◆ **Requirement**: Look through the material for lines with the word "BUILDINGS", and copy each one.

◆ **Dataset records**:

━━━━━━

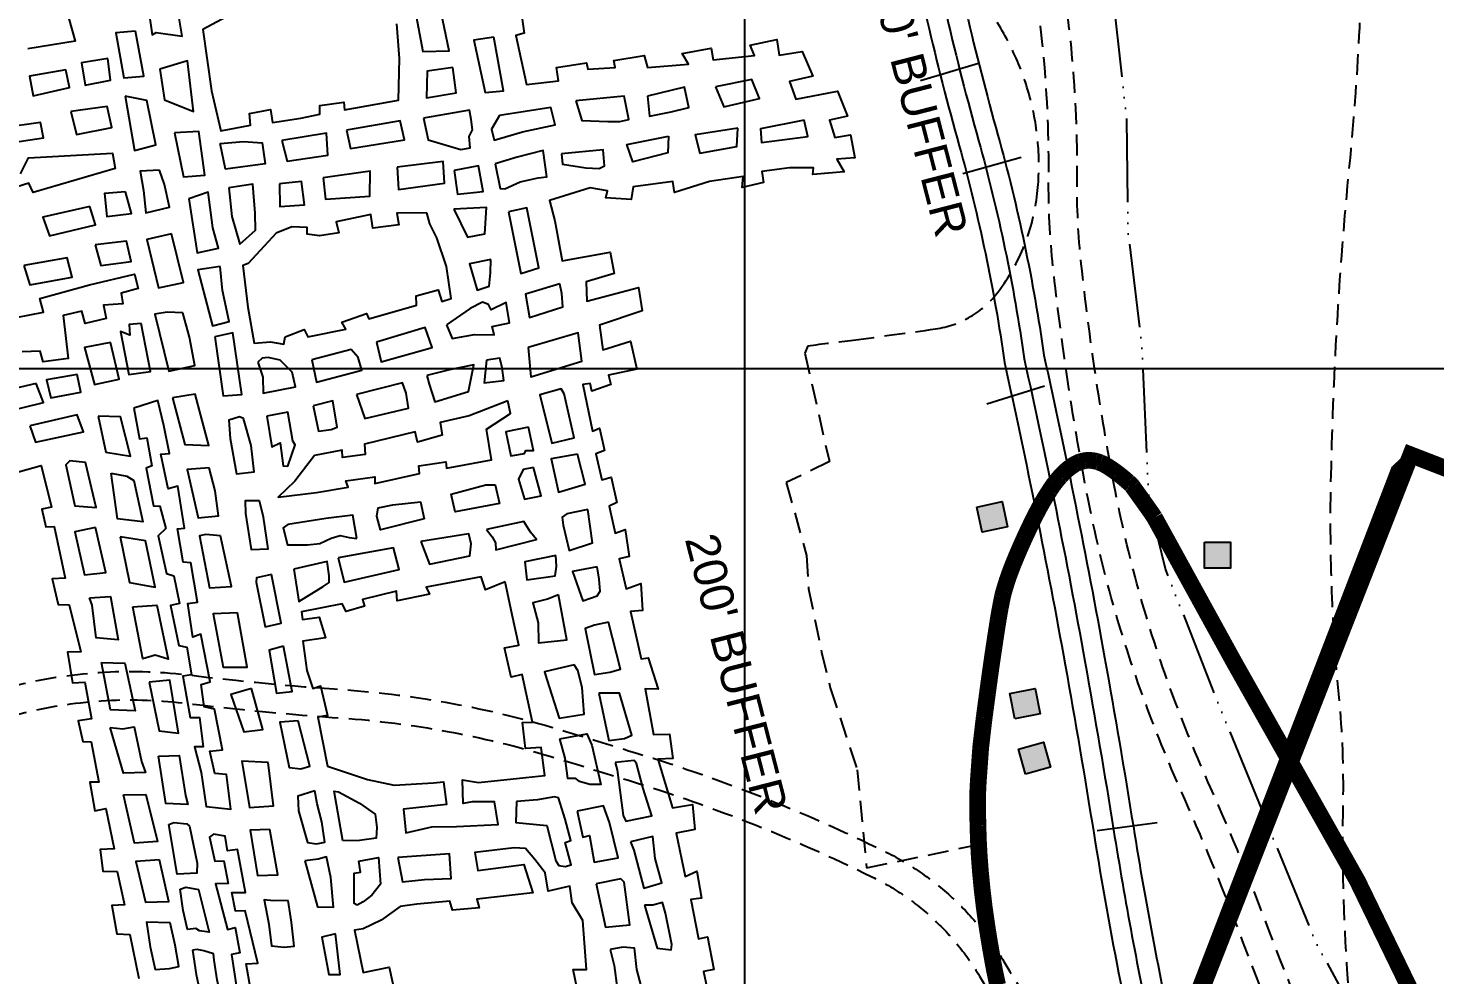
# Model space of a CAD drawing. Header units: inches. Extents: x 10131215 to 10153225, y 3476725 to 3491422.
# Drawn here: x 10147143 to 10148825, y 3485276 to 3486407 of the extents above; entities that cross this region are included whole.
import ezdxf
from ezdxf.enums import TextEntityAlignment as Align

# ---------------------------------------------------------------- set-up
doc = ezdxf.new("R2010")
doc.units = ezdxf.units.IN
doc.header["$LTSCALE"] = 100
doc.header["$MEASUREMENT"] = 0
for name, pattern in [('CENTER', [2, 1.25, -0.25, 0.25, -0.25]), ('CENTER2', [1.125, 0.75, -0.125, 0.125, -0.125]), ('DASHED2', [0.375, 0.25, -0.125]), ('HIDDEN', [0.375, 0.25, -0.125]), ('STREAM', [1.5, 1, -0.125, 0, -0.125, 0, -0.125, 0, -0.125])]:
    doc.linetypes.add(name, pattern=pattern)
doc.layers.get('0').update_dxf_attribs({"color": 60, "linetype": 'CONTINUOUS'})
for name, color, linetype in [('BOUNDARY-CITY', 251, 'CENTER2'), ('BUFFER ZONE-200', 200, 'HIDDEN'), ('BUILDINGS', 7, 'CONTINUOUS'), ('GRID COORDINATES-VA SOUTH NAD27', 252, 'CONTINUOUS'), ('MINE WORKINGS-ADJACENT-GREGORY COAL-6690', 251, 'CONTINUOUS'), ('OUTCROP-UPPER MASON-IMBODEN', 7, 'CONTINUOUS'), ('PROPERTY LINES-MINERAL', 1, 'CENTER'), ('RAILROADS', 30, 'CONTINUOUS'), ('ROADS', 34, 'DASHED2'), ('WATER-SURFACE', 140, 'STREAM')]:
    doc.layers.add(name, color=color, linetype=linetype)
doc.styles.add('BUFFER LABELS', font='ARIAL.TTF', dxfattribs={"height": 40})

# ---------------------------------------------------------------- blocks, each defined once
blk = doc.blocks.new('RRTIC')
blk.add_line((0, -36.2), (0, 36.2))

msp = doc.modelspace()

# ---------------------------------------------------------------- linework, layer by layer
at = {"layer": 'BOUNDARY-CITY', "const_width": 10.3, "flags": 128}
msp.add_lwpolyline([(10148420.8, 3484951.7), (10148777.9, 3485880.1), (10148796.5, 3485897.3), (10149368.4, 3485676.6), (10150282.5, 3485316.3), (10149776.3, 3483985.3), (10149438.3, 3483084.8), (10149398.1, 3482978.8), (10148582.1, 3483281.3), (10147875.8, 3483547), (10148313, 3484683.6)], close=True, dxfattribs=at)
at = {"layer": 'BUFFER ZONE-200'}
msp.add_lwpolyline([(10148086.3, 3486600.2, -0.082902), (10148106.6, 3486594.3, -0.051013), (10148191.2, 3486542.4, -0.047771), (10148233, 3486503.7, -0.028584), (10148292, 3486429.2, -0.089191), (10148341.5, 3486322.7, -0.09249), (10148349.8, 3486209.7, -0.134135), (10148303.1, 3486092.3, -0.198665), (10148228.1, 3486047.9, -0.003307), (10148129.7, 3486034.6, -0.002553), (10148075.2, 3486027.8, -0.000575)], format="xyb", dxfattribs=at)
for points in [[(10148075.2, 3486027.8), (10148071.8, 3486018.7), (10148101.1, 3485889.2), (10148049.5, 3485864.1), (10148073.9, 3485776.8), (10148076.3, 3485737.1), (10148091.7, 3485661.2), (10148102.2, 3485618.6), (10148134.4, 3485520.8), (10148145.7, 3485403.6)], [(10148145.7, 3485403.6), (10148279.6, 3485431.4)], [(10148145.7, 3485403.6), (10148279.6, 3485431.4)]]:
    msp.add_lwpolyline(points, dxfattribs=at)
at = {"layer": 'BUILDINGS'}
for points in [[(10148277.4, 3485834.9), (10148307.7, 3485841.4), (10148314.1, 3485811.1), (10148283.8, 3485804.7)], [(10148549.9, 3485793), (10148580.9, 3485793), (10148580.9, 3485762), (10148549.9, 3485762)], [(10148322.9, 3485581.6), (10148316.9, 3485612), (10148347.2, 3485618), (10148353.3, 3485587.7)], [(10148335.6, 3485515.7), (10148327.4, 3485545.5), (10148357.3, 3485553.7), (10148365.5, 3485523.8)]]:
    msp.add_lwpolyline(points, close=True, dxfattribs=at)
for points in [[(10148307.7, 3485841.4), (10148314.1, 3485811.1), (10148277.4, 3485834.9), (10148283.8, 3485804.7)], [(10148580.9, 3485793), (10148580.9, 3485762), (10148549.9, 3485793), (10148549.9, 3485762)], [(10148316.9, 3485612), (10148347.2, 3485618), (10148322.9, 3485581.6), (10148353.3, 3485587.7)], [(10148327.4, 3485545.5), (10148357.3, 3485553.7), (10148335.6, 3485515.7), (10148365.5, 3485523.8)]]:
    msp.add_solid(points, dxfattribs=at)
at = {"layer": 'GRID COORDINATES-VA SOUTH NAD27'}
for p, q in [((10148000, 3476730), (10148000, 3490730)), ((10153220, 3486000), (10131220, 3486000))]:
    msp.add_line(p, q, dxfattribs=at)
at = {"layer": 'MINE WORKINGS-ADJACENT-GREGORY COAL-6690', "flags": 128}
for points in [[(10147317, 3486468.2), (10147282.6, 3486457.8), (10147291.2, 3486399.4), (10147295.8, 3486402.3), (10147326.9, 3486398.1), (10147321.2, 3486433.9)], [(10147634.8, 3486435.8), (10147605.8, 3486428.1), (10147614.7, 3486379.7), (10147646.5, 3486380.2)], [(10147271, 3486403.8), (10147247.5, 3486401.9), (10147257.2, 3486348), (10147281, 3486350.2)], [(10147699.9, 3486396.6), (10147676, 3486393.1), (10147689.3, 3486330.5), (10147711.5, 3486332.6)], [(10147238.2, 3486371.1), (10147206.6, 3486366.1), (10147210.8, 3486339.3), (10147241.3, 3486345.1)], [(10147300.4, 3486358.3), (10147305.7, 3486321.7), (10147340.4, 3486307.9), (10147333.3, 3486368.6)], [(10147188, 3486357.6), (10147144.5, 3486349.9), (10147148.8, 3486326.7), (10147192.2, 3486336.7)], [(10147650.6, 3486360.3), (10147620, 3486356.2), (10147619.2, 3486324), (10147654.9, 3486330.2)], [(10147883.5, 3486326.3), (10147885.8, 3486302.4), (10147911.8, 3486307.4), (10147933.2, 3486312.8), (10147927.9, 3486337)], [(10147964.8, 3486337.5), (10147974.7, 3486313.5), (10148017.6, 3486323.4), (10148008.5, 3486346.2)], [(10147194, 3486308), (10147200.8, 3486280.4), (10147242.9, 3486288.7), (10147237.1, 3486314)], [(10147259, 3486326.2), (10147269.9, 3486261.2), (10147295.6, 3486268.1), (10147284.7, 3486321)], [(10147797.7, 3486320.4), (10147805.1, 3486297.1), (10147836.2, 3486296), (10147850.5, 3486295.9), (10147861.4, 3486298.4), (10147855.6, 3486326.2)], [(10147523.7, 3486285.5), (10147528.3, 3486263.4), (10147592.9, 3486274), (10147587.6, 3486296.5)], [(10147615.8, 3486299.7), (10147621.3, 3486273.8), (10147660.4, 3486262.5), (10147671.4, 3486264.3), (10147670.2, 3486278), (10147674.3, 3486286.1), (10147672.6, 3486298.4), (10147670.6, 3486309.4)], [(10147706.6, 3486303.1), (10147697, 3486286.7), (10147700.3, 3486273.5), (10147733.9, 3486283.6), (10147773.3, 3486291.7), (10147767.9, 3486312.7)], [(10148070.9, 3486297.4), (10148018.6, 3486287.3), (10148019.8, 3486270.8), (10148075.4, 3486278)], [(10147112.5, 3486288.2), (10147115.9, 3486269.5), (10147161.2, 3486276.3), (10147157.7, 3486294.8)], [(10147317.7, 3486282.4), (10147328.7, 3486229.8), (10147354.2, 3486231.6), (10147347.1, 3486284.1)], [(10147446.1, 3486273), (10147452.7, 3486248.6), (10147501.3, 3486255.7), (10147499.8, 3486281.9)], [(10147991.7, 3486287.8), (10147940.5, 3486280), (10147946.1, 3486258), (10147990.4, 3486265.9)], [(10147372.5, 3486269.5), (10147400.5, 3486271.9), (10147422.5, 3486270.4), (10147426.2, 3486245.3), (10147378.8, 3486239)], [(10147908.6, 3486278.3), (10147907.7, 3486258.5), (10147866, 3486247.6), (10147859, 3486268.5)], [(10147584.2, 3486241.2), (10147585.7, 3486214.5), (10147640.7, 3486222.1), (10147639.3, 3486248)], [(10147701.2, 3486245.4), (10147707.5, 3486215.8), (10147713, 3486215.5), (10147731.3, 3486223.8), (10147752.8, 3486228.5), (10147763.3, 3486229.9), (10147758.9, 3486261.3), (10147727.8, 3486253.1)], [(10147780.6, 3486257.3), (10147781.8, 3486244.7), (10147809.7, 3486240.5), (10147825.9, 3486239.7), (10147832, 3486242.7), (10147830.5, 3486261.9)], [(10147299.9, 3486237.8), (10147276.9, 3486236.6), (10147280.9, 3486213.2), (10147283.7, 3486186.6), (10147311.8, 3486193.3), (10147305.9, 3486220.7)], [(10147495.6, 3486228.6), (10147498.3, 3486202.9), (10147551.5, 3486206.7), (10147551.8, 3486236.3)], [(10147652.5, 3486237.2), (10147656.4, 3486209), (10147687.1, 3486212.1), (10147681.6, 3486242.9)], [(10147382.8, 3486216.5), (10147386.3, 3486182.3), (10147396, 3486149.2), (10147414.6, 3486166.1), (10147414.5, 3486186.3), (10147411.5, 3486220.8)], [(10147443.3, 3486221.2), (10147443.8, 3486194.1), (10147473.3, 3486196.2), (10147469.8, 3486224.3)], [(10147259.4, 3486211.6), (10147234.1, 3486209.7), (10147237, 3486182.2), (10147266.2, 3486186)], [(10147334.9, 3486203.4), (10147344.9, 3486138.7), (10147370.6, 3486144.5), (10147363.8, 3486168.9), (10147358.1, 3486211.2)], [(10147216.5, 3486194.2), (10147160.2, 3486181.5), (10147168.3, 3486159.1), (10147223.2, 3486172.3)], [(10147619.6, 3486186.7), (10147583.7, 3486186.2), (10147586.1, 3486172.3), (10147555, 3486168.4), (10147552.7, 3486184.5), (10147511, 3486175.8), (10147514.2, 3486162.8), (10147491.4, 3486159), (10147476.5, 3486161.1), (10147476.4, 3486169.1), (10147458.3, 3486169.8), (10147439.4, 3486162.2), (10147420.3, 3486141.7), (10147406, 3486126), (10147399.4, 3486123.5), (10147405.5, 3486073.7), (10147413, 3486030.9), (10147432.6, 3486032.3), (10147448.7, 3486029.7), (10147450.3, 3486038.5), (10147473.1, 3486047.3), (10147477.5, 3486038.5), (10147522.6, 3486047.5), (10147518.1, 3486056), (10147547.4, 3486066.5), (10147550.4, 3486059.9), (10147607.1, 3486076.4), (10147607, 3486087.6), (10147633.2, 3486094.8), (10147637.4, 3486080.7), (10147648.7, 3486084.1), (10147643.3, 3486122.5), (10147631.7, 3486156.9), (10147623.1, 3486173.7)], [(10147652, 3486190.9), (10147668.2, 3486157.5), (10147689, 3486161.7), (10147690.9, 3486193.1)], [(10147717.3, 3486188), (10147732.1, 3486114), (10147753.7, 3486121), (10147739.3, 3486192.6)], [(10147314.2, 3486161.4), (10147284.6, 3486154.7), (10147298.8, 3486096.9), (10147328.7, 3486103.5)], [(10147223.1, 3486148.3), (10147229.6, 3486123.7), (10147266, 3486128.3), (10147260.4, 3486152.7)], [(10147137.8, 3486123.7), (10147144.6, 3486100.7), (10147195.5, 3486109.6), (10147189.5, 3486132.8)], [(10147696.1, 3486130.7), (10147670.8, 3486125.5), (10147680, 3486094.3), (10147694.1, 3486098.8), (10147695.8, 3486115)], [(10147372.6, 3486122.4), (10147345.8, 3486118.4), (10147363.4, 3486051.7), (10147383.4, 3486056.8), (10147375.3, 3486093.9)], [(10147778.8, 3486101.8), (10147737.7, 3486089.3), (10147742.3, 3486061.7), (10147782.2, 3486074.3), (10147781.3, 3486090.1)], [(10147643.3, 3486052.7), (10147649.8, 3486036.3), (10147676.8, 3486041.1), (10147700, 3486040.9), (10147697.8, 3486050.6), (10147718.5, 3486055.2), (10147714.7, 3486079.3), (10147696.4, 3486070.5), (10147693.2, 3486076.9), (10147686.2, 3486079.9), (10147671.6, 3486072.3)], [(10147327.9, 3486067), (10147309, 3486068), (10147294.5, 3486065.5), (10147311.1, 3485997.3), (10147342.2, 3486004.2), (10147335.7, 3486038)], [(10147277.9, 3486054.5), (10147263.5, 3486053.3), (10147264.6, 3486040.3), (10147253.3, 3486044.9), (10147263.1, 3485993.2), (10147289.1, 3485996.8)], [(10147559.3, 3486032.2), (10147565.2, 3486008.4), (10147626, 3486025.7), (10147617.5, 3486049.4)], [(10147241.3, 3486031.5), (10147210, 3486025.5), (10147222, 3485981.4), (10147251.7, 3485987.7)], [(10147366, 3486038.4), (10147376, 3485967.8), (10147398.5, 3485969.3), (10147387.4, 3486043)], [(10147741, 3486025.5), (10147744.1, 3485990.7), (10147805.1, 3486009.3), (10147800.7, 3486043.1)], [(10147417.4, 3486008.3), (10147423.6, 3485990.3), (10147423.8, 3485971.2), (10147462.6, 3485978.8), (10147458.6, 3485996.3), (10147444.1, 3486010.5), (10147430, 3486013.5), (10147422.7, 3486012.9)], [(10147481.9, 3486011.1), (10147487.8, 3485984.3), (10147541.9, 3485998.7), (10147537.7, 3486013.5), (10147529, 3486023.3)], [(10147691.2, 3486010.6), (10147688.2, 3485983.5), (10147711.9, 3485986.1), (10147709.6, 3486001.4), (10147706.8, 3486012.7)], [(10147201.3, 3485993.3), (10147164.6, 3485987), (10147170, 3485965.5), (10147205.8, 3485972.3)], [(10147619.7, 3485992), (10147622.4, 3485981.7), (10147629.4, 3485960.6), (10147669.5, 3485973.1), (10147676, 3486004.9), (10147646.9, 3485998.9)], [(10147152.3, 3485982.8), (10147106.2, 3485972), (10147112.3, 3485947.9), (10147161.2, 3485959.9)], [(10147535.7, 3485969.6), (10147545.3, 3485940.8), (10147597.6, 3485953.3), (10147594.8, 3485971), (10147590.5, 3485983.3)], [(10147783.8, 3485970.4), (10147780.2, 3485976.3), (10147754.8, 3485969), (10147769.1, 3485911.4), (10147795.7, 3485917.7)], [(10147269.2, 3485953), (10147275.8, 3485916.6), (10147284.8, 3485917.5), (10147290.7, 3485884.1), (10147284, 3485881.5), (10147292.9, 3485836.2), (10147300.1, 3485835.8), (10147307.4, 3485809.1), (10147298.3, 3485800.5), (10147308.3, 3485755.4), (10147317.2, 3485752.7), (10147324, 3485719.7), (10147313.1, 3485717.2), (10147323.1, 3485669.5), (10147332.7, 3485667.3), (10147338.3, 3485634.3), (10147327.6, 3485632.7), (10147336.4, 3485583.3), (10147347.8, 3485583.3), (10147352.2, 3485548.1), (10147341.8, 3485548.2), (10147349.7, 3485517.4), (10147355.6, 3485476.9), (10147385.3, 3485473.7), (10147380, 3485515), (10147366.2, 3485516.2), (10147360.1, 3485542.9), (10147375.3, 3485544.6), (10147365.8, 3485593.4), (10147353.4, 3485596), (10147349.9, 3485622.9), (10147360.6, 3485625.9), (10147349.2, 3485682.7), (10147339.7, 3485679.3), (10147333.8, 3485719.5), (10147345.4, 3485721.2), (10147337.4, 3485768.1), (10147328.2, 3485769), (10147321.5, 3485809), (10147329.8, 3485809.7), (10147321.7, 3485859.8), (10147310.2, 3485856.6), (10147301.4, 3485898.2), (10147311.8, 3485898.8), (10147305.2, 3485932.2), (10147297.7, 3485962.2)], [(10147315.5, 3485965.3), (10147330.1, 3485909.7), (10147358.7, 3485908.5), (10147349.3, 3485944.3), (10147342.5, 3485969.8)], [(10147716.6, 3485961.8), (10147670.3, 3485943.8), (10147635.5, 3485936), (10147638.1, 3485920.7), (10147608.4, 3485912.3), (10147605.7, 3485924.9), (10147545, 3485910.1), (10147545.8, 3485897.9), (10147518.6, 3485894), (10147518.3, 3485902.7), (10147485.3, 3485896.5), (10147461.8, 3485865.7), (10147442, 3485846.6), (10147487.8, 3485852.2), (10147525.6, 3485858.7), (10147522.9, 3485866.3), (10147557.4, 3485870.9), (10147557.3, 3485863.2), (10147610.9, 3485875), (10147610, 3485884), (10147642.3, 3485888.8), (10147643.2, 3485881.2), (10147696.9, 3485891.2), (10147691, 3485928.2), (10147719.8, 3485946.9)], [(10147483.8, 3485956.1), (10147490.1, 3485925.5), (10147505.4, 3485927.5), (10147512.5, 3485930.3), (10147507.1, 3485961.8)], [(10147144.7, 3485931.8), (10147151.7, 3485912.4), (10147208.8, 3485924.7), (10147201.6, 3485945.3)], [(10147226.7, 3485943.7), (10147235.6, 3485900.4), (10147265, 3485895.8), (10147253.1, 3485942.7)], [(10147428.3, 3485943.7), (10147434.2, 3485907), (10147444.3, 3485911.5), (10147447.9, 3485884.1), (10147453.3, 3485883.6), (10147462, 3485909.1), (10147459.2, 3485913.7), (10147453.4, 3485948.5)], [(10147400.3, 3485940.6), (10147395.7, 3485942.6), (10147382.8, 3485938.7), (10147384.4, 3485916.9), (10147392, 3485874.6), (10147413.3, 3485877), (10147409.7, 3485908.3)], [(10147741.3, 3485930.4), (10147714.2, 3485924.9), (10147720.2, 3485896), (10147736.3, 3485898.8), (10147738.1, 3485902.5), (10147747.3, 3485902.6)], [(10147799.7, 3485898), (10147768.2, 3485892.4), (10147777, 3485852.6), (10147809, 3485862.2)], [(10147192.8, 3485890.3), (10147187.9, 3485885.4), (10147198.7, 3485836.4), (10147224.2, 3485834.3), (10147211.2, 3485888.2)], [(10147359.3, 3485881.9), (10147332.9, 3485879.6), (10147346.3, 3485821.8), (10147370.4, 3485824.4), (10147366.4, 3485854.4)], [(10147747.1, 3485882), (10147734.8, 3485879.6), (10147729.4, 3485868.3), (10147736.5, 3485844.4), (10147756.5, 3485848.2)], [(10147242.1, 3485875.2), (10147260.8, 3485871.7), (10147269.2, 3485866.8), (10147279.8, 3485817.2), (10147249.8, 3485820.8)], [(10147706.7, 3485839), (10147653.6, 3485829.2), (10147648.6, 3485850.2), (10147690.4, 3485861.3), (10147701.4, 3485861.6)], [(10147419.4, 3485842.3), (10147402.2, 3485842.5), (10147402.7, 3485827), (10147409.7, 3485784.1), (10147430, 3485785.1), (10147424.1, 3485822.6)], [(10147535.8, 3485797.4), (10147531.3, 3485825.1), (10147498.8, 3485821.2), (10147453.3, 3485814.2), (10147447.7, 3485809.9), (10147452.9, 3485789.7), (10147476.8, 3485789.7), (10147491.6, 3485791.4), (10147505.4, 3485797.8), (10147516.1, 3485800.8), (10147526.7, 3485798.5)], [(10147616.6, 3485820.9), (10147564.3, 3485807.5), (10147559.8, 3485824), (10147561.3, 3485833.9), (10147578.9, 3485837.4), (10147611.9, 3485841.2)], [(10147812.4, 3485832), (10147787.2, 3485826.8), (10147781.6, 3485822.8), (10147782.8, 3485813.1), (10147790, 3485783), (10147817.8, 3485792.1)], [(10147223.5, 3485810.3), (10147198.7, 3485805.2), (10147210.1, 3485754), (10147235.7, 3485756.5)], [(10147691, 3485808.1), (10147697.8, 3485799.1), (10147701.7, 3485792), (10147702.3, 3485783.7), (10147750.8, 3485795.9), (10147743.7, 3485805), (10147735.6, 3485817.5)], [(10147252.9, 3485799.1), (10147264, 3485744.6), (10147294.6, 3485738.9), (10147283, 3485794.5)], [(10147372.9, 3485800.4), (10147355.4, 3485801.9), (10147347.7, 3485800.6), (10147359.6, 3485738.3), (10147385.9, 3485740)], [(10147612.5, 3485793.7), (10147622.8, 3485766.6), (10147671.2, 3485776.5), (10147672.5, 3485791), (10147669.9, 3485803)], [(10147513.5, 3485774.2), (10147520.6, 3485744.9), (10147586.6, 3485760.4), (10147579.6, 3485786.1)], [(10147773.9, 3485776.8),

━━━━━━

◆ **Task solution**:
for name, color, linetype in [('BOUNDARY-CITY', 251, 'CENTER2'), ('BUFFER ZONE-200', 200, 'HIDDEN'), ('BUILDINGS', 7, 'CONTINUOUS'), ('GRID COORDINATES-VA SOUTH NAD27', 252, 'CONTINUOUS'), ('MINE WORKINGS-ADJACENT-GREGORY COAL-6690', 251, 'CONTINUOUS'), ('OUTCROP-UPPER MASON-IMBODEN', 7, 'CONTINUOUS'), ('PROPERTY LINES-MINERAL', 1, 'CENTER'), ('RAILROADS', 30, 'CONTINUOUS'), ('ROADS', 34, 'DASHED2'), ('WATER-SURFACE', 140, 'STREAM')]:
at = {"layer": 'BUILDINGS'}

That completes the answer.